__Task to complete__.
Pick out every line in the data below that holds "clearance".

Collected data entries

*** Block opens ***

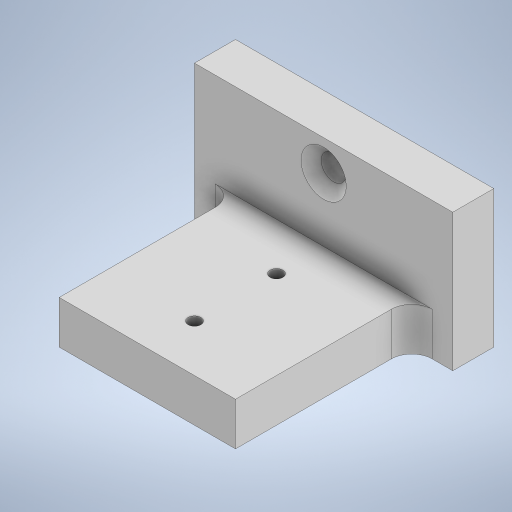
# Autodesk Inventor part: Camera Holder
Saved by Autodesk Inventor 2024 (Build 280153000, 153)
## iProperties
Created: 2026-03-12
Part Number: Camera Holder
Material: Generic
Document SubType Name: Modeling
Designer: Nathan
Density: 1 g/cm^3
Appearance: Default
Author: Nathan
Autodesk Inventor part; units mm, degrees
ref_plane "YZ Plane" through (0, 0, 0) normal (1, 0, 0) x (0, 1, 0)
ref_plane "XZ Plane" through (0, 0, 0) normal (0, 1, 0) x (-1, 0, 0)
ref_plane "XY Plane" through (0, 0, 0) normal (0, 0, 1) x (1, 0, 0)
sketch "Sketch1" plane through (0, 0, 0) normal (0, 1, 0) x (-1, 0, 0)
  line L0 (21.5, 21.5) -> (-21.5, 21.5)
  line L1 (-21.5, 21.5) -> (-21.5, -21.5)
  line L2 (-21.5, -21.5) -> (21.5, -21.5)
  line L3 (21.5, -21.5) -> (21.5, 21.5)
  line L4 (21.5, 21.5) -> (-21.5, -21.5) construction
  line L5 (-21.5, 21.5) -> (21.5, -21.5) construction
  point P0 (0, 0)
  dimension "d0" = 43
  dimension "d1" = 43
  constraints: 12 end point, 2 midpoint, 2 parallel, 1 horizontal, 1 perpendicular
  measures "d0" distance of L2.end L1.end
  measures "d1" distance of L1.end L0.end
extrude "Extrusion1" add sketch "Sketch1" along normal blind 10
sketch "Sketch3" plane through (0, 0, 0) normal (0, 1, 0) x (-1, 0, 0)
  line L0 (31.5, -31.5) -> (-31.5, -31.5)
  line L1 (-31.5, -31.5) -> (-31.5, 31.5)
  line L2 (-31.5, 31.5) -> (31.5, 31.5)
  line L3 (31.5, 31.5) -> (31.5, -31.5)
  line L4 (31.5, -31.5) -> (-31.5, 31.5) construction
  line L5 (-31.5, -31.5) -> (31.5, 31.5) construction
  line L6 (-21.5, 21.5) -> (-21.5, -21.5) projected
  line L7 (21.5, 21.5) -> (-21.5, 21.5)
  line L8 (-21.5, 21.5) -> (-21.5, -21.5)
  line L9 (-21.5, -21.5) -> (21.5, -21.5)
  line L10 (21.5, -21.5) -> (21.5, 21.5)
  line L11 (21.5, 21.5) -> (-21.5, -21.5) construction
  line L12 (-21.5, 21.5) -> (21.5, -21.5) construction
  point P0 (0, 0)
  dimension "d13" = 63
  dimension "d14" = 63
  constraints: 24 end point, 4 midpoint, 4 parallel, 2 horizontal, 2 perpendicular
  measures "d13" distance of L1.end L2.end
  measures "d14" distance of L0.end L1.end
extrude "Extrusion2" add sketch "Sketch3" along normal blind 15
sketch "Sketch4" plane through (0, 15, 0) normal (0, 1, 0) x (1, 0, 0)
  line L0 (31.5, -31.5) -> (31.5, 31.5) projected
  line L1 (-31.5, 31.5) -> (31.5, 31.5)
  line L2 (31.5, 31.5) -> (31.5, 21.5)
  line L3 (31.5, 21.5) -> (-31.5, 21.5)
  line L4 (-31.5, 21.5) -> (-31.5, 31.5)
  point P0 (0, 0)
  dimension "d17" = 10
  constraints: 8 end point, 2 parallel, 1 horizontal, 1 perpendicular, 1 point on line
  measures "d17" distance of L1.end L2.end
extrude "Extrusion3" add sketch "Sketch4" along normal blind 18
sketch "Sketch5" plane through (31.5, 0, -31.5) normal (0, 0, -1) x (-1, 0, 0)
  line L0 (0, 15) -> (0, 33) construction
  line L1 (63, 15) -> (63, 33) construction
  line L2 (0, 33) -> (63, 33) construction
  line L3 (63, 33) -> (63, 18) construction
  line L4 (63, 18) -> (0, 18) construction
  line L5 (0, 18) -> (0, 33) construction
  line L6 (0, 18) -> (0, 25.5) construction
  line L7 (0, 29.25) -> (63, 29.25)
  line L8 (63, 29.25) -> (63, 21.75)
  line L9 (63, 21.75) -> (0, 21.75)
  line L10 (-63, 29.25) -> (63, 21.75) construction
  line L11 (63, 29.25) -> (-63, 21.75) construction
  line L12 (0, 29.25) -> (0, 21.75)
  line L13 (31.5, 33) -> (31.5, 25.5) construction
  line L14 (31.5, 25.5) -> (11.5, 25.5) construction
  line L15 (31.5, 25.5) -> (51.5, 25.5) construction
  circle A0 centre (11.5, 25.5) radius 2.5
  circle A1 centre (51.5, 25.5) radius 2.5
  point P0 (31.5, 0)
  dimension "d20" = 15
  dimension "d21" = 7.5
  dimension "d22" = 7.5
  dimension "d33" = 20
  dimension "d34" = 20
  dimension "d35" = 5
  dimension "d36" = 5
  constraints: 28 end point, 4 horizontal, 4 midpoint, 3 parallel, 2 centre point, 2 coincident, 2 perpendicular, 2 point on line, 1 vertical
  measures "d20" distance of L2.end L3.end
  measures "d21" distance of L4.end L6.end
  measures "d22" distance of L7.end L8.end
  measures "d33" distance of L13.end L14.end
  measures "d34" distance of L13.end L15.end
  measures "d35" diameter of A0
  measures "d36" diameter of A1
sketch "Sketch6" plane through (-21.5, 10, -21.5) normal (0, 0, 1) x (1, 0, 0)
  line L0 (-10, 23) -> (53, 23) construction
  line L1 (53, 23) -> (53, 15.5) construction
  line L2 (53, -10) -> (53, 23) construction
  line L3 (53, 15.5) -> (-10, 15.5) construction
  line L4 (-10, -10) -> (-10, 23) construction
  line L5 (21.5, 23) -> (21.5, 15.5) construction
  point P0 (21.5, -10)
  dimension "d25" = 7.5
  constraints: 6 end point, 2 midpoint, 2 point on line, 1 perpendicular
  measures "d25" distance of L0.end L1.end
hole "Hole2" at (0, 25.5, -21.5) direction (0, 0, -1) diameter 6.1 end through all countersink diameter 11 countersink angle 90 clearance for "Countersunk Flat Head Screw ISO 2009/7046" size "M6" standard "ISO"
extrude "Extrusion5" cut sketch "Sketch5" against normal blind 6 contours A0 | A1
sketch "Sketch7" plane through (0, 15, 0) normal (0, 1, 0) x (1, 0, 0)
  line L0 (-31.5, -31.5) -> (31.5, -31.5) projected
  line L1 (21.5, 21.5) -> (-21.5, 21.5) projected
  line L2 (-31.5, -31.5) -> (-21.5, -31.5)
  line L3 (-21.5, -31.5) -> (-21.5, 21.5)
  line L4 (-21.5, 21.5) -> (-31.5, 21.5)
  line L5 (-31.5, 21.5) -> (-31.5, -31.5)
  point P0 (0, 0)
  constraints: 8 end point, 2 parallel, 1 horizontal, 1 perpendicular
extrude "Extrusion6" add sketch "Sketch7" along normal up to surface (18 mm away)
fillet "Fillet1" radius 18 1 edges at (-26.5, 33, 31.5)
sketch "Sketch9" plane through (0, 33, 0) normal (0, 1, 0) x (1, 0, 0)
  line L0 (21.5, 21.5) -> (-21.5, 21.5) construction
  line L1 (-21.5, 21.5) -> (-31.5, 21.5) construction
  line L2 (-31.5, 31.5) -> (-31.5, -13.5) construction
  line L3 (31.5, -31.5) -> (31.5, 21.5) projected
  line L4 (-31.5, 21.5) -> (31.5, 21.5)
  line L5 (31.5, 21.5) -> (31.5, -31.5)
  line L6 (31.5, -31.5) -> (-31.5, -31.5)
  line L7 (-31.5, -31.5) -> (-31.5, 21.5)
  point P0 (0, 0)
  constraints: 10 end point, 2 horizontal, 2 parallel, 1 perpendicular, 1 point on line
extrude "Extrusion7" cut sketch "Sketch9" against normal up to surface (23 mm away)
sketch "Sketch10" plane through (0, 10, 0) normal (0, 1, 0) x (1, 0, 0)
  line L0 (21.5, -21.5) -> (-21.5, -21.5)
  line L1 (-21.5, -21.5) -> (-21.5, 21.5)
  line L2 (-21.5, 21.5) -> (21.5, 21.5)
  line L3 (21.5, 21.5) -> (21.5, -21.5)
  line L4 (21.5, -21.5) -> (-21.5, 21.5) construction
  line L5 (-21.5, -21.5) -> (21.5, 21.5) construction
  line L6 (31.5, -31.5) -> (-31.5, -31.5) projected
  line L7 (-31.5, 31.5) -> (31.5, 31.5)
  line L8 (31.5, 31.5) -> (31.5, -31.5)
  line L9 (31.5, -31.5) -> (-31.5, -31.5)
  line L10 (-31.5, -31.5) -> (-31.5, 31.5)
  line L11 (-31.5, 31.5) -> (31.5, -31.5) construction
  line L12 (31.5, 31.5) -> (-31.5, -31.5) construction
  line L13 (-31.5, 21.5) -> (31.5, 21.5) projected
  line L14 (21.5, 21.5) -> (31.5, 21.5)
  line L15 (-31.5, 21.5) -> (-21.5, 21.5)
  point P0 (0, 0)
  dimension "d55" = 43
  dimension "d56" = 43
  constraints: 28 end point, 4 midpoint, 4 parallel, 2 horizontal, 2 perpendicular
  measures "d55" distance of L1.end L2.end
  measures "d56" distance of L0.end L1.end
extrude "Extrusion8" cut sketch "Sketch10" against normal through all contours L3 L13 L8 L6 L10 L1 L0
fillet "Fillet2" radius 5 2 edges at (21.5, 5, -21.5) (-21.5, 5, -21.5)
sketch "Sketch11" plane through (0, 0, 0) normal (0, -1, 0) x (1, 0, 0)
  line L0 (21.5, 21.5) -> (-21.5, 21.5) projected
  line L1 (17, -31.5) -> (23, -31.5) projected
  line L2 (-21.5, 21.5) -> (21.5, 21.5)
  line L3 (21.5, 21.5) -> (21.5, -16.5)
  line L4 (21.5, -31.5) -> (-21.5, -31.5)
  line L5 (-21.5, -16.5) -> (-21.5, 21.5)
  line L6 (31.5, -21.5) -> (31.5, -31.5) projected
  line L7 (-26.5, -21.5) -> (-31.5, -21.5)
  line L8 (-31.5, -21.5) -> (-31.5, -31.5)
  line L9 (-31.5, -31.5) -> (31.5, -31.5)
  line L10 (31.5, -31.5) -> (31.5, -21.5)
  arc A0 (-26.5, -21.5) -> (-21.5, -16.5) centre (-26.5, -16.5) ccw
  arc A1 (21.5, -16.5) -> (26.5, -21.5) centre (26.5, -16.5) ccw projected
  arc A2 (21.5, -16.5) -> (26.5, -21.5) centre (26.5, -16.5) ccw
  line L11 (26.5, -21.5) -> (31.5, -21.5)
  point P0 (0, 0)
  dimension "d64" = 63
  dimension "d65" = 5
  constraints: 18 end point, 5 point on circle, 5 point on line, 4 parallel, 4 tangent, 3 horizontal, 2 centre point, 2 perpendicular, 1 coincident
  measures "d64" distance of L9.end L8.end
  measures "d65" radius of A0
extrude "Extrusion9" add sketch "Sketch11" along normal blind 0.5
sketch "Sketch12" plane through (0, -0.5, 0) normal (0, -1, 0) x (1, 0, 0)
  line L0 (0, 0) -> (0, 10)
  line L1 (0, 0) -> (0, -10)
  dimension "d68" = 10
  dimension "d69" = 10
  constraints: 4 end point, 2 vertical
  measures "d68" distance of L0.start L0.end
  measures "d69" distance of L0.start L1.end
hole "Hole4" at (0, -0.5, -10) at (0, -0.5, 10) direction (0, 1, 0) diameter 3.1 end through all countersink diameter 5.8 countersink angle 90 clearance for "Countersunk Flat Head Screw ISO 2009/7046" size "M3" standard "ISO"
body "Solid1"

*** Block closes ***

__Response area__.
hole "Hole2" at (0, 25.5, -21.5) direction (0, 0, -1) diameter 6.1 end through all countersink diameter 11 countersink angle 90 clearance for "Countersunk Flat Head Screw ISO 2009/7046" size "M6" standard "ISO"
hole "Hole4" at (0, -0.5, -10) at (0, -0.5, 10) direction (0, 1, 0) diameter 3.1 end through all countersink diameter 5.8 countersink angle 90 clearance for "Countersunk Flat Head Screw ISO 2009/7046" size "M3" standard "ISO"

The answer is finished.